Poet Paul Muldoon and his methods of work


The following audio clip from Poetry in Person:25 Years of Conversation with America's Poets (Knopf, 2010) represents poet Paul Muldoon speaking about methods of work.  In it, among observations about how "shape is made in the world," he refers to the importance of revision.  Or lack of it, in his case.  Interestingly, he says that for him revision is "the exception, not the rule," of his working state.  Compare that to fellow Irishman James Joyce, who could spend weeks on a sentence, not necessarily creating new words but famously tinkering with their order.  Which perhaps explains how Finnegans Wake took 17 years to complete.  Muldoon's absence of the revisionist's compulsion has allowed his to become one of the most productive and important poets of our generation.

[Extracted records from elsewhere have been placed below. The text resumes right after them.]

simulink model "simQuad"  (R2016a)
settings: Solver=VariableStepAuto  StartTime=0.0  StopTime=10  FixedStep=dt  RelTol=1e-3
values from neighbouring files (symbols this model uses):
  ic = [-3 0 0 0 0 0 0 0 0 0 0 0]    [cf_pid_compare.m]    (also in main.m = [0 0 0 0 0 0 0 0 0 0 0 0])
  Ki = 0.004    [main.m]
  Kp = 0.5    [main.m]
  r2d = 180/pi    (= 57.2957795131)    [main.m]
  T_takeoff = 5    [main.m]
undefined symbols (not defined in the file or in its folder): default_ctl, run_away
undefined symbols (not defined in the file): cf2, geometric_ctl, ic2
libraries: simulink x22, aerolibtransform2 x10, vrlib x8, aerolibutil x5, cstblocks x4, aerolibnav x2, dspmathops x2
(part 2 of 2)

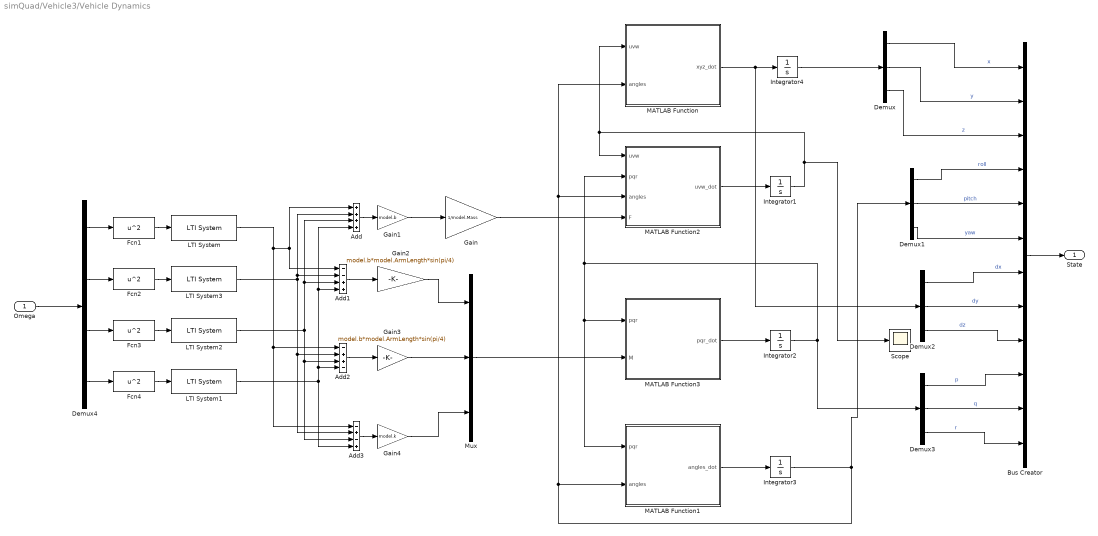
== system simQuad/Vehicle3/Vehicle Dynamics ==
  Omega : Inport
  Add : Sum  Inputs=++++
  Add1 : Sum  Inputs=--++
  Add2 : Sum  Inputs=-++-
  Add3 : Sum  Inputs=-+-+
  Bus Creator : BusCreator  Inputs='x','y','z','roll','pitch','yaw','dx','dy','dz','p','q','r'
  Demux{,1..3} (4 alike) : Demux  Outputs=3
  Demux4 : Demux
  Fcn{1..4} (4 alike) : Fcn  Expr=u^2
  Gain : Gain  Gain=1/model.Mass
  Gain1 : Gain  Gain=model.b
  Gain2 : Gain  Gain=model.b*model.ArmLength*sin(pi/4)
  Gain3 : Gain  Gain=model.b*model.ArmLength*sin(pi/4)
  Gain4 : Gain  Gain=model.k
  Integrator1 : Integrator  InitialCondition=ic(7:9)
  Integrator2 : Integrator  InitialCondition=ic(10:12)
  Integrator3 : Integrator  InitialCondition=ic(4:6)
  Integrator4 : Integrator  InitialCondition=ic(1:3)
  LTI System{,1..3} (4 alike) : cstblocks/LTI System  sys=Gm  IC=[]
  MATLAB Function : MATLAB Function  TreatAsAtomicUnit=on
  MATLAB Function1 : MATLAB Function  TreatAsAtomicUnit=on
  MATLAB Function2 : MATLAB Function  TreatAsAtomicUnit=on
  MATLAB Function3 : MATLAB Function  TreatAsAtomicUnit=on
  Mux : Mux  Inputs=3
  Scope : Scope
  State : Outport
  wires:
  Omega/1 -> Demux4/1
  Demux4/4 -> Fcn4/1
  Demux4/3 -> Fcn3/1
  Demux4/2 -> Fcn2/1
  Demux4/1 -> Fcn1/1
  Demux2/2 -> Bus Creator/8  "dy"
  Demux1/2 -> Bus Creator/5  "pitch"
  Demux3/1 -> Bus Creator/10  "p"
  Demux3/2 -> Bus Creator/11  "q"
  Demux3/3 -> Bus Creator/12  "r"
  Demux2/3 -> Bus Creator/9  "dz"
  Demux2/1 -> Bus Creator/7  "dx"
  Demux1/1 -> Bus Creator/4  "roll"
  Demux1/3 -> Bus Creator/6  "yaw"
  Demux/3 -> Bus Creator/3  "z"
  Demux/2 -> Bus Creator/2  "y"
  Demux/1 -> Bus Creator/1  "x"
  Integrator4/1 -> Demux/1
  Integrator2/1 -> MATLAB Function3/1(pqr), MATLAB Function1/1(pqr), MATLAB Function2/2(pqr), Demux3/1
  Integrator1/1 -> Scope/1, MATLAB Function2/1(uvw), MATLAB Function/1(uvw)
  Integrator3/1 -> MATLAB Function1/2(angles), MATLAB Function2/3(angles), MATLAB Function/2(angles), Demux1/1
  MATLAB Function1/1(angles_dot) -> Integrator3/1
  MATLAB Function3/1(pqr_dot) -> Integrator2/1
  MATLAB Function2/1(uvw_dot) -> Integrator1/1
  MATLAB Function/1(xyz_dot) -> Demux2/1, Integrator4/1
  Mux/1 -> MATLAB Function3/2(M)
  Gain/1 -> MATLAB Function2/4(F)
  Gain3/1 -> Mux/2
  Add3/1 -> Gain4/1
  Gain4/1 -> Mux/3
  Gain2/1 -> Mux/1
  Add2/1 -> Gain3/1
  Add/1 -> Gain1/1
  Add1/1 -> Gain2/1
  Bus Creator/1 -> State/1
  Fcn1/1 -> LTI System/1
  Fcn2/1 -> LTI System3/1
  Fcn3/1 -> LTI System2/1
  Fcn4/1 -> LTI System1/1
  Gain1/1 -> Gain/1
  LTI System1/1 -> Add3/4, Add2/4, Add1/4, Add/4
  LTI System2/1 -> Add3/3, Add2/3, Add/3, Add1/3
  LTI System3/1 -> Add3/2, Add2/2, Add/2, Add1/2
  LTI System/1 -> Add3/1, Add2/1, Add1/1, Add/1

== system simQuad/doest work/DelayStart ==
  In1 : Inport
  Product : Product
  Step : Step  Time=T_takeoff  SampleTime=0
  Out1 : Outport
  wires:
  Step/1 -> Product/1
  Product/1 -> Out1/1
  In1/1 -> Product/2

== system simQuad/doest work/Subsystem ==
  Enable : EnablePort
  Ramp : simulink/Sources/Ramp  slope=1/8  start=0  X0=0
  x* : Sin  Amplitude=0.8  Frequency=2*pi*0.085  Phase=0-0.1  SampleTime=0
  y*1 : Sin  Commented=on  Amplitude=0.8  Frequency=2*pi*0.085  Phase=pi/2-0.1  SampleTime=0
  x : Outport
  y : Outport  Port=2
  wires:
  Ramp/1 -> y/1
  x*/1 -> x/1

== system simQuad/straight line/DelayStart ==
  In1 : Inport
  Product : Product
  Step : Step  Time=T_takeoff  SampleTime=0
  Out1 : Outport
  wires:
  Step/1 -> Product/1
  Product/1 -> Out1/1
  In1/1 -> Product/2

== system simQuad/straight line/Subsystem ==
  Enable : EnablePort
  Ramp : simulink/Sources/Ramp  slope=1/8  start=0  X0=0
  x* : Sin  Amplitude=0.8  Frequency=2*pi*0.085  Phase=0-0.1  SampleTime=0
  y*1 : Sin  Commented=on  Amplitude=0.8  Frequency=2*pi*0.085  Phase=pi/2-0.1  SampleTime=0
  x : Outport
  y : Outport  Port=2
  wires:
  Ramp/1 -> y/1
  x*/1 -> x/1

== system simQuad/straight line/Subsystem1 ==
  In1 : Inport
  Add : Sum
  Ramp : simulink/Sources/Ramp  slope=run_away  start=0  X0=0
  Out1 : Outport
  wires:
  Ramp/1 -> Add/2
  In1/1 -> Add/1
  Add/1 -> Out1/1

== system simQuad/straight line/Subsystem2 ==
  In1 : Inport
  Add : Sum
  Ramp : simulink/Sources/Ramp  slope=run_away  start=0  X0=0
  Out1 : Outport
  wires:
  Add/1 -> Out1/1
  In1/1 -> Add/1
  Ramp/1 -> Add/2

== system simQuad/Controller/Attitude Control/PID ==
  Desired : Inport
  Measured : Inport  Port=2
  Add : Sum  Inputs=3
  Derivative : Derivative
  Integrator Limited : Integrator  LimitOutput=on  UpperSaturationLimit=intSat(2,1)  LowerSaturationLimit=-intSat(2,1)
  Kd : Gain  Gain=att(1,3)  OutMin=[-200]  OutMax=[200]
  Ki : Gain  Gain=att(1,2)  OutMin=[-200]  OutMax=[200]
  Kp : Gain  Gain=att(1,1)  OutMin=[-200]  OutMax=[200]
  Subtract : Sum  Inputs=+-
  Output : Outport
  wires:
  Measured/1 -> Subtract/2
  Desired/1 -> Subtract/1
  Ki/1 -> Add/2
  Add/1 -> Output/1
  Kp/1 -> Add/1
  Kd/1 -> Add/3
  Subtract/1 -> Kp/1, Integrator Limited/1, Derivative/1
  Integrator Limited/1 -> Ki/1
  Derivative/1 -> Kd/1

== system simQuad/Controller/Attitude Control/PID1 ==
  Desired : Inport
  Measured : Inport  Port=2
  Add : Sum  Inputs=3
  Derivative : Derivative
  Integrator Limited1 : Integrator  LimitOutput=on  UpperSaturationLimit=intSat(2,2)  LowerSaturationLimit=-intSat(2,2)
  Kd : Gain  Gain=att(2,3)  OutMin=[-200]  OutMax=[200]
  Ki : Gain  Gain=att(2,2)  OutMin=[-200]  OutMax=[200]
  Kp : Gain  Gain=att(2,1)  OutMin=[-200]  OutMax=[200]
  Subtract : Sum  Inputs=+-
  Output : Outport
  wires:
  Derivative/1 -> Kd/1
  Integrator Limited1/1 -> Ki/1
  Subtract/1 -> Integrator Limited1/1, Derivative/1, Kp/1
  Kd/1 -> Add/3
  Kp/1 -> Add/1
  Add/1 -> Output/1
  Ki/1 -> Add/2
  Desired/1 -> Subtract/1
  Measured/1 -> Subtract/2

== system simQuad/Controller/Attitude Control/PID2 ==
  Desired : Inport
  Measured : Inport  Port=2
  Add : Sum  Inputs=3
  Derivative : Derivative
  Integrator Limited : Integrator  LimitOutput=on  UpperSaturationLimit=intSat(2,3)  LowerSaturationLimit=-intSat(2,3)
  Kd : Gain  Gain=att(3,3)  OutMin=[-200]  OutMax=[200]
  Ki : Gain  Gain=att(3,2)  OutMin=[-200]  OutMax=[200]
  Kp : Gain  Gain=att(3,1)  OutMin=[-200]  OutMax=[200]
  Subtract : Sum  Inputs=+-
  Output : Outport
  wires:
  Measured/1 -> Subtract/2
  Desired/1 -> Subtract/1
  Ki/1 -> Add/2
  Add/1 -> Output/1
  Kp/1 -> Add/1
  Kd/1 -> Add/3
  Subtract/1 -> Kp/1, Integrator Limited/1, Derivative/1
  Integrator Limited/1 -> Ki/1
  Derivative/1 -> Kd/1

== system simQuad/Controller/Linear Velocity Control/PID ==
  Desired : Inport
  Measured : Inport  Port=2
  Add : Sum  Inputs=3
  Derivative : Derivative
  Integrator Limited : Integrator  LimitOutput=on  UpperSaturationLimit=intSat(1,1)  LowerSaturationLimit=-intSat(1,1)
  Kd : Gain  Gain=pos(1,3)  OutMin=[-200]  OutMax=[200]
  Ki : Gain  Gain=pos(1,2)  OutMin=[-200]  OutMax=[200]
  Kp : Gain  Gain=pos(1,1)  OutMin=[-200]  OutMax=[200]
  Subtract : Sum  Inputs=+-
  Output : Outport
  wires:
  Measured/1 -> Subtract/2
  Desired/1 -> Subtract/1
  Ki/1 -> Add/2
  Add/1 -> Output/1
  Kp/1 -> Add/1
  Kd/1 -> Add/3
  Subtract/1 -> Kp/1, Integrator Limited/1, Derivative/1
  Integrator Limited/1 -> Ki/1
  Derivative/1 -> Kd/1

== system simQuad/Controller/Linear Velocity Control/PID1 ==
  Desired : Inport
  Measured : Inport  Port=2
  Add : Sum  Inputs=3
  Derivative : Derivative
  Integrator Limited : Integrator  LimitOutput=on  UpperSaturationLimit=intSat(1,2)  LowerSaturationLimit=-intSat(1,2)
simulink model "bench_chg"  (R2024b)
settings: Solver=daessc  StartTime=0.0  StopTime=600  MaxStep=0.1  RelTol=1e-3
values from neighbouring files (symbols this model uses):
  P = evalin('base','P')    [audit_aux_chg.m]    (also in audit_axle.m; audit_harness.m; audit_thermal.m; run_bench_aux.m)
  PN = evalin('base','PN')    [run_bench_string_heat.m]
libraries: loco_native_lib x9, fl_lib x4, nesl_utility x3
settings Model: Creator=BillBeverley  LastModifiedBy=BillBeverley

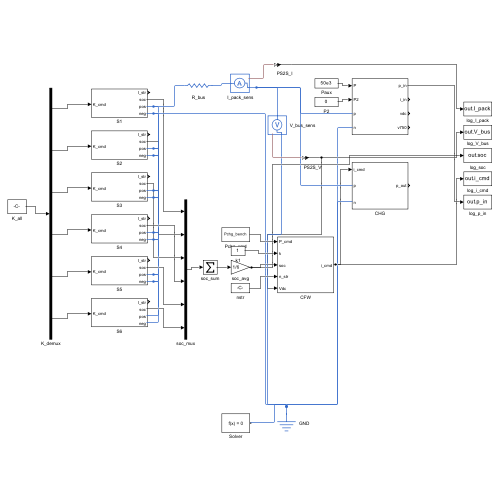
[thumbnail: Simulink's stored preview of the top-level diagram]
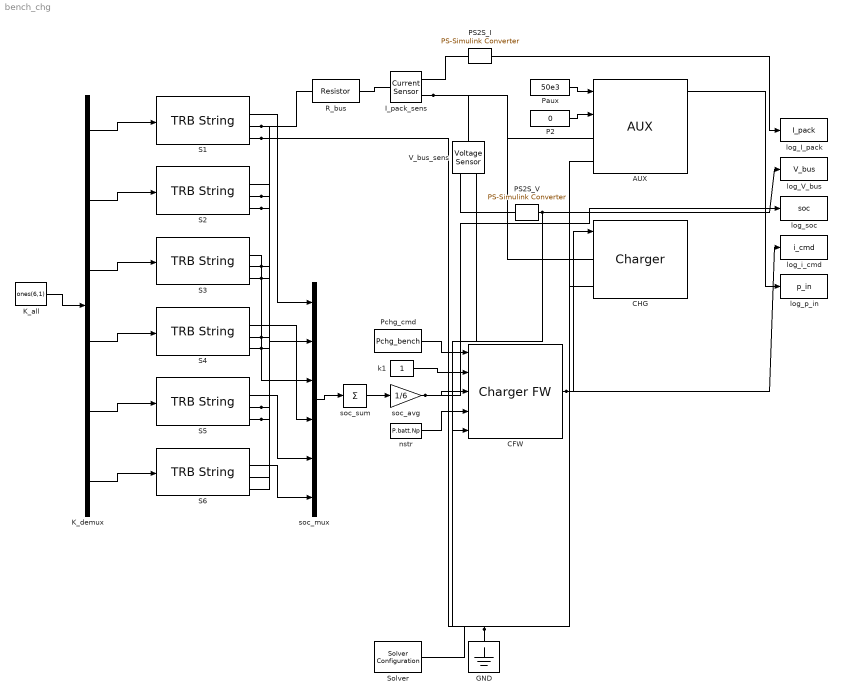
== system bench_chg ==
  AUX : loco_native_lib/AUX  eta=P.aux.eta  P_max=P.aux.P_max  V750=750  V_floor=100
  CFW : loco_native_lib/Charger FW  P_max=P.chg.P_max  I_max=P.chg.I_hw  I_bms=P.chg.I_bms  soc_max=P.chg.soc_max  soc_band=P.chg.soc_band  V_floor=100  N_str_nom=P.batt.Np  Ts=0.01
  CHG : loco_native_lib/Charger  SystemSampleTime=-1  VariantActivationTime=update diagram  AllowFlexibleInterface=on  Latency=0  AutoFrameSizeCalculation=off
  GND : fl_lib/Electrical/Electrical Elements/Electrical Reference
  I_pack_sens : fl_lib/Electrical/Electrical Sensors/Current Sensor
  K_all : Constant  Value=ones(6,1)
  K_demux : Demux  Outputs=6
  P2 : Constant  Value=0
  PS2S_I : nesl_utility/PS-Simulink Converter  PhysicalDomain=network_engine_domain  SubClassName=ps_output  LeftPortType=input  RightPortType=output  PseudoPeriodic=off  Frequencies=[]  VectorFormat=inherit  Unit=A  AffineConversion=off
  PS2S_V : nesl_utility/PS-Simulink Converter  PhysicalDomain=network_engine_domain  SubClassName=ps_output  LeftPortType=input  RightPortType=output  PseudoPeriodic=off  Frequencies=[]  VectorFormat=inherit  Unit=V  AffineConversion=off
  Paux : Constant  Value=50e3
  Pchg_cmd : FromWorkspace  VariableName=Pchg_bench
  R_bus : fl_lib/Electrical/Electrical Elements/Resistor  R=PN.bus.R Ohm  i_specify=off  i_priority=None  i=0 A  i_nominal_specify=off  i_nominal_value=1  i_nominal_unit=A  v_specify=off  v_priority=None  v=0 V  v_nominal_specify=off  v_nominal_value=1  v_nominal_unit=V
  S{1..6} (6 alike) : loco_native_lib/TRB String  SystemSampleTime=-1  VariantActivationTime=update diagram  AllowFlexibleInterface=on  Latency=0  AutoFrameSizeCalculation=off
  Solver : nesl_utility/Solver Configuration  PhysicalDomain=network_engine_domain  SubClassName=solver  LeftPortType=input  RightPortType=generic  Tones=[]  Harmonics=[]  SimulateNoise=off  Profile=off  UseLocalSampling=off  EnableSwitchedLinearOptims=on  FrequencyDomain=off  UseCCode=off  RelTol=0.001  AbsTol=0.001  MinStep=1e-09  ToWorkspace=off  RevertToSquareIcSolve=off  NumHomotopyIterations=100  PhasorMode=off  PhasorModeNumHarmonics=1  ConsistencySolver=NEWTON_XTOL_AFTER_FTOL  IndexReductionMethod=DerivativeReplacement  DoDC=off  ResidualTolerance=1e-09  ConsistencyTolSource=GLOBAL  ConsistencyAbsTol=0.001  ConsistencyRelTol=0.001  ConsistencyTolFactor=0.001  UseLocalSolver=off  LocalSolverChoice=NE_BACKWARD_EULER_ADVANCER  ResolveIndetEquations=on  FunctionEvalNumThread=1  LocalSolverSampleTime=0.001  DoFixedCost=off  MaxNonlinIter=3  MaxModeIter=2  ComputeImpulses=off  ImpulseIterations=2  LinearAlgebra=auto  LinearAlgebraNumThread=0  EquationFormulation=NE_TIME_EF  DelaysMemoryBudget=1024  AutomaticFiltering=on  FilteringTimeConstant=0.001  PartitionStorageMethod=AS_NEEDED  PartitionMemoryBudget=1024  PartitionMethod=ROBUST  MultibodyUseLocalSolver=off  MultibodyLocalSolverChoice=ODE1  MultibodyLocalSolverSampleTime=0.001
  V_bus_sens : fl_lib/Electrical/Electrical Sensors/Voltage Sensor
  k1 : Constant
  log_I_pack : ToWorkspace  VariableName=I_pack  SaveFormat=Timeseries  SampleTime=-1
  log_V_bus : ToWorkspace  VariableName=V_bus  SaveFormat=Timeseries  SampleTime=-1
  log_i_cmd : ToWorkspace  VariableName=i_cmd  SaveFormat=Timeseries  SampleTime=-1
  log_p_in : ToWorkspace  VariableName=p_in  SaveFormat=Timeseries  SampleTime=-1
  log_soc : ToWorkspace  VariableName=soc  SaveFormat=Timeseries  SampleTime=-1
  nstr : Constant  Value=P.batt.Np
  soc_avg : Gain  Gain=1/6
  soc_mux : Mux  Inputs=6
  soc_sum : Sum  Inputs=+
  wires:
  PS2S_I/1 -> log_I_pack/1
  PS2S_V/1 -> log_V_bus/1, CFW/5
  soc_avg/1 -> log_soc/1, CFW/3
  CFW/1 -> log_i_cmd/1, CHG/1
  AUX/1 -> log_p_in/1
  K_all/1 -> K_demux/1
  soc_mux/1 -> soc_sum/1
  soc_sum/1 -> soc_avg/1
  Pchg_cmd/1 -> CFW/1
  k1/1 -> CFW/2
  nstr/1 -> CFW/4
  Paux/1 -> AUX/1
  P2/1 -> AUX/2
  K_demux/1 -> S1/1
  S1/2 -> soc_mux/1
  K_demux/2 -> S2/1
  S2/2 -> soc_mux/2
  K_demux/3 -> S3/1
  S3/2 -> soc_mux/3
  K_demux/4 -> S4/1
  S4/2 -> soc_mux/4
  K_demux/5 -> S5/1
  S5/2 -> soc_mux/5
  K_demux/6 -> S6/1
  S6/2 -> soc_mux/6
  connections:
  R_bus/LConn1 -- S1/RConn1 -- S2/RConn1 -- S3/RConn1 -- S4/RConn1 -- S5/RConn1 -- S6/RConn1
  R_bus/RConn1 -- I_pack_sens/LConn1
  V_bus_sens/LConn1 -- I_pack_sens/RConn2 -- AUX/LConn1 -- CHG/LConn1
  V_bus_sens/RConn2 -- S1/RConn2 -- S2/RConn2 -- S3/RConn2 -- S4/RConn2 -- S5/RConn2 -- S6/RConn2 -- AUX/LConn2 -- CHG/LConn2 -- GND/LConn1 -- Solver/RConn1
  I_pack_sens/RConn1 -- PS2S_I/LConn1
  V_bus_sens/RConn1 -- PS2S_V/LConn1

Born in County Armagh, Northern Ireland, Muldoon published his first book of poems, New Weather, (1973) when he was just 21 years old. It immediately caught the attention of Nobel Prize winner Seamus Heaney. In 1995, he was still seven years away from the Pulitzer Prize when he visited Pearl London's class in New York. He brought along with him 13 draft pages of his poem "Cows," from his volume The Annals of Chile. It was a book that caught all of his most recognizable traits: word lists and wordplay, breaks of form, wit, shifting technique and the widest net among all poets for the sounds and catchphrases of other poems, other poets.